Puntando sulla qualità, sulla cortesia, riescono a creare un equilibrio sostenibile economicamente tra supermercati e negozi di vicinato. La consegna a domicilio, la vendita a credito, sono poi altri servizi che il piccolo negozio, pur affrontando costi di gestione maggiori non sempre compensati dai prezzi leggermente più alti rispetto ai supermercati, riesce ad offrire al consumatore svolgendo e completando una precisa funzione sociale spesso non sempre opportunamente considerata dai cittadini e dagli amministratori.
Oggi questi negozi di vicinato ancora presenti sul territorio resistono pur producendo redditi molto bassi. L’impegno di chi lavora, quasi sempre componenti della stessa famiglia, non è sempre ricompensato da un reddito adeguato. Si sopravvive, dicono. Spesso si continua perché è difficile chiudere, perché non ci sono alternative di lavoro, perché mancano pochi anni alla pensione.
Una resistenza quasi eroica, che però riesce ancora a generare un riferimento preciso dal punto di vista sociale nel contesto commerciale del paese. Gli anziani, le casalinghe che non hanno auto, i bambini, tutte le persone che non hanno la possibilità di recarsi nei supermercati dislocati lungo la statale 38 riescono così ancora a trovare nel proprio paese un negozio.

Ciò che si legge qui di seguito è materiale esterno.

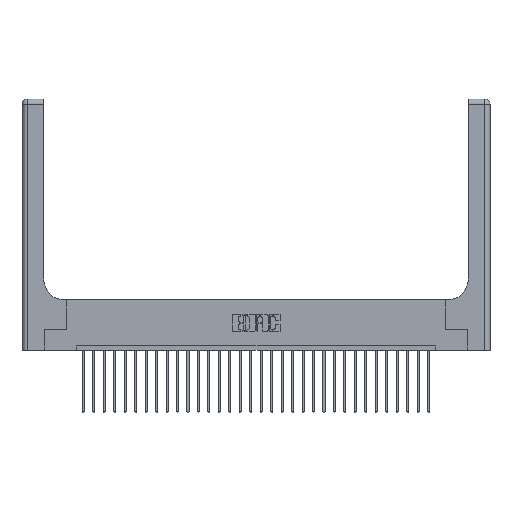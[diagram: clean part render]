
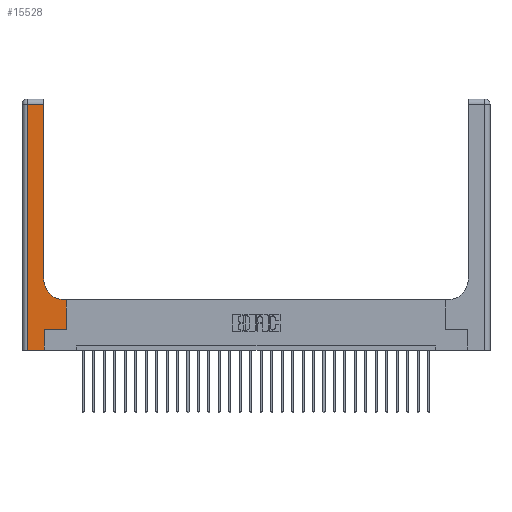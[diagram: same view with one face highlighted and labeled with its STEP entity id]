
A CAD part, top view. The second image highlights one B-rep face of the part: STEP entity #15528.
In plain terms, the highlighted planar face has unit normal (0, 0, 1).
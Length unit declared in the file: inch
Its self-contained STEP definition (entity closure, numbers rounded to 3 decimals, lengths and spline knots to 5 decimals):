
#104 = EDGE_CURVE ( 'NONE', #8241, #19850, #5252, .T. ) ;
#451 = LINE ( 'NONE', #18024, #22324 ) ;
#720 = LINE ( 'NONE', #16800, #21807 ) ;
#836 = CARTESIAN_POINT ( 'NONE',  ( 0.265, 0.25, 0.37 ) ) ;
#961 = VERTEX_POINT ( 'NONE', #836 ) ;
#1142 = VECTOR ( 'NONE', #7597, 39.37008 ) ;
#1701 = CARTESIAN_POINT ( 'NONE',  ( 0.265, 0.25, 0.37 ) ) ;
#1995 = DIRECTION ( 'NONE',  ( 1., 0., 0. ) ) ;
#2324 = CARTESIAN_POINT ( 'NONE',  ( 0.06, 0., 0.37 ) ) ;
#2447 = DIRECTION ( 'NONE',  ( 0., 1., 0. ) ) ;
#3135 = CARTESIAN_POINT ( 'NONE',  ( 0.528, 0.25, 0.37 ) ) ;
#3625 = PLANE ( 'NONE',  #19364 ) ;
#3633 = VERTEX_POINT ( 'NONE', #3135 ) ;
#3814 = DIRECTION ( 'NONE',  ( 0., 0., -1. ) ) ;
#5101 = CARTESIAN_POINT ( 'NONE',  ( 0.265, 0., 0.37 ) ) ;
#5183 = CARTESIAN_POINT ( 'NONE',  ( 0.26, 0.85, 0.37 ) ) ;
#5252 = LINE ( 'NONE', #9621, #14587 ) ;
#5424 = CARTESIAN_POINT ( 'NONE',  ( 0.06, 3., 0.37 ) ) ;
#5624 = EDGE_CURVE ( 'NONE', #961, #3633, #9717, .T. ) ;
#5839 = LINE ( 'NONE', #7798, #14886 ) ;
#6369 = ORIENTED_EDGE ( 'NONE', *, *, #5624, .T. ) ;
#6550 = EDGE_CURVE ( 'NONE', #10001, #18878, #10539, .T. ) ;
#6655 = ORIENTED_EDGE ( 'NONE', *, *, #6550, .T. ) ;
#6720 = CARTESIAN_POINT ( 'NONE',  ( 0.06, 2.94, 0.37 ) ) ;
#7223 = ORIENTED_EDGE ( 'NONE', *, *, #16167, .T. ) ;
#7464 = EDGE_CURVE ( 'NONE', #27789, #10875, #720, .T. ) ;
#7505 = EDGE_LOOP ( 'NONE', ( #25937, #9820, #9541, #6655, #7223, #6369, #13327, #17340, #27142 ) ) ;
#7509 = VECTOR ( 'NONE', #7806, 39.37008 ) ;
#7517 = DIRECTION ( 'NONE',  ( 0., 1., 0. ) ) ;
#7597 = DIRECTION ( 'NONE',  ( 1., 0., 0. ) ) ;
#7798 = CARTESIAN_POINT ( 'NONE',  ( 0.26, 3., 0.37 ) ) ;
#7806 = DIRECTION ( 'NONE',  ( 0., -1., 0. ) ) ;
#8241 = VERTEX_POINT ( 'NONE', #21341 ) ;
#9157 = EDGE_CURVE ( 'NONE', #3633, #27789, #451, .T. ) ;
#9541 = ORIENTED_EDGE ( 'NONE', *, *, #9797, .T. ) ;
#9621 = CARTESIAN_POINT ( 'NONE',  ( 0., 2.94, 0.37 ) ) ;
#9717 = LINE ( 'NONE', #1701, #1142 ) ;
#9797 = EDGE_CURVE ( 'NONE', #19850, #10001, #24705, .T. ) ;
#9820 = ORIENTED_EDGE ( 'NONE', *, *, #104, .T. ) ;
#10001 = VERTEX_POINT ( 'NONE', #2324 ) ;
#10087 = CARTESIAN_POINT ( 'NONE',  ( 0., 3., 0.37 ) ) ;
#10403 = CARTESIAN_POINT ( 'NONE',  ( 0., 0., 0.37 ) ) ;
#10539 = LINE ( 'NONE', #10403, #26279 ) ;
#10875 = VERTEX_POINT ( 'NONE', #15177 ) ;
#11277 = DIRECTION ( 'NONE',  ( 0., 1., 0. ) ) ;
#12448 = VERTEX_POINT ( 'NONE', #5183 ) ;
#13259 = CARTESIAN_POINT ( 'NONE',  ( 0.528, 0.6, 0.37 ) ) ;
#13327 = ORIENTED_EDGE ( 'NONE', *, *, #9157, .T. ) ;
#13440 = EDGE_CURVE ( 'NONE', #10875, #12448, #25140, .T. ) ;
#14587 = VECTOR ( 'NONE', #22842, 39.37008 ) ;
#14886 = VECTOR ( 'NONE', #7517, 39.37008 ) ;
#15177 = CARTESIAN_POINT ( 'NONE',  ( 0.51, 0.6, 0.37 ) ) ;
#15528 = ADVANCED_FACE ( 'NONE', ( #22610 ), #3625, .F. ) ;
#15982 = EDGE_CURVE ( 'NONE', #12448, #8241, #5839, .T. ) ;
#16126 = CARTESIAN_POINT ( 'NONE',  ( 0.265, 0., 0.37 ) ) ;
#16167 = EDGE_CURVE ( 'NONE', #18878, #961, #23963, .T. ) ;
#16800 = CARTESIAN_POINT ( 'NONE',  ( 0.26, 0.6, 0.37 ) ) ;
#17340 = ORIENTED_EDGE ( 'NONE', *, *, #7464, .T. ) ;
#17941 = AXIS2_PLACEMENT_3D ( 'NONE', #21250, #3814, #1995 ) ;
#18024 = CARTESIAN_POINT ( 'NONE',  ( 0.528, 0.25, 0.37 ) ) ;
#18878 = VERTEX_POINT ( 'NONE', #16126 ) ;
#19364 = AXIS2_PLACEMENT_3D ( 'NONE', #10087, #24870, #27126 ) ;
#19850 = VERTEX_POINT ( 'NONE', #6720 ) ;
#21164 = DIRECTION ( 'NONE',  ( -1., 0., 0. ) ) ;
#21250 = CARTESIAN_POINT ( 'NONE',  ( 0.51, 0.85, 0.37 ) ) ;
#21341 = CARTESIAN_POINT ( 'NONE',  ( 0.26, 2.94, 0.37 ) ) ;
#21807 = VECTOR ( 'NONE', #21164, 39.37008 ) ;
#22324 = VECTOR ( 'NONE', #11277, 39.37008 ) ;
#22610 = FACE_OUTER_BOUND ( 'NONE', #7505, .T. ) ;
#22842 = DIRECTION ( 'NONE',  ( -1., 0., 0. ) ) ;
#22991 = VECTOR ( 'NONE', #2447, 39.37008 ) ;
#23963 = LINE ( 'NONE', #5101, #22991 ) ;
#24705 = LINE ( 'NONE', #5424, #7509 ) ;
#24870 = DIRECTION ( 'NONE',  ( 0., 0., -1. ) ) ;
#25140 = CIRCLE ( 'NONE', #17941, 0.25 ) ;
#25937 = ORIENTED_EDGE ( 'NONE', *, *, #15982, .T. ) ;
#26279 = VECTOR ( 'NONE', #27577, 39.37008 ) ;
#27126 = DIRECTION ( 'NONE',  ( -1., 0., 0. ) ) ;
#27142 = ORIENTED_EDGE ( 'NONE', *, *, #13440, .T. ) ;
#27577 = DIRECTION ( 'NONE',  ( 1., 0., 0. ) ) ;
#27789 = VERTEX_POINT ( 'NONE', #13259 ) ;

Il coronavirus ha dimostrato che questa funzione sociale è strategica nelle emergenze. In questi giorni non si guardano i venti centesimi di differenza, non si guardano le quantità di referenze, si ordina un kg di spaghetti, le uova, la farina, due scatole di tonno anche se non è della marca preferita. Si guarda il sevizio, la possibilità di ordinare la spesa al telefono, di riceverla sul portone di casa e si dice “per fortuna abbiamo ancora un negozio vicino a casa”.
Appare evidente che nel futuro la funzione sociale del negozio di vicinato sarà sempre più importante e quindi dovrà essere sostenuta dagli amministratori locali con interventi specifici che permettano di mantenere la situazione attuale e magari promuovano l’apertura di nuovi esercizi attraverso scelte coraggiose, come l’esenzione dal pagamento delle tasse sui rifiuti e dell’IMU, l’utilizzazione come fornitori delle mense scolastiche, la creazione di iniziative che possano convincere i cittadini a sostenerli, la promozione a livello regionale e nazionale di iniziative che consentano una contabilità semplificata e una riduzione delle imposte statali.
Ma naturalmente la speranza è che tutti i consumatori che hanno usufruito dei servizi del negozio di paese durante questa emergenza continuino ad avvalersene anche dopo, anche quando tutto sarà finito. Sarà il contributo per un ringraziamento ma anche un contributo per far sì che quel negozio possa continuare ad esistere sul territorio.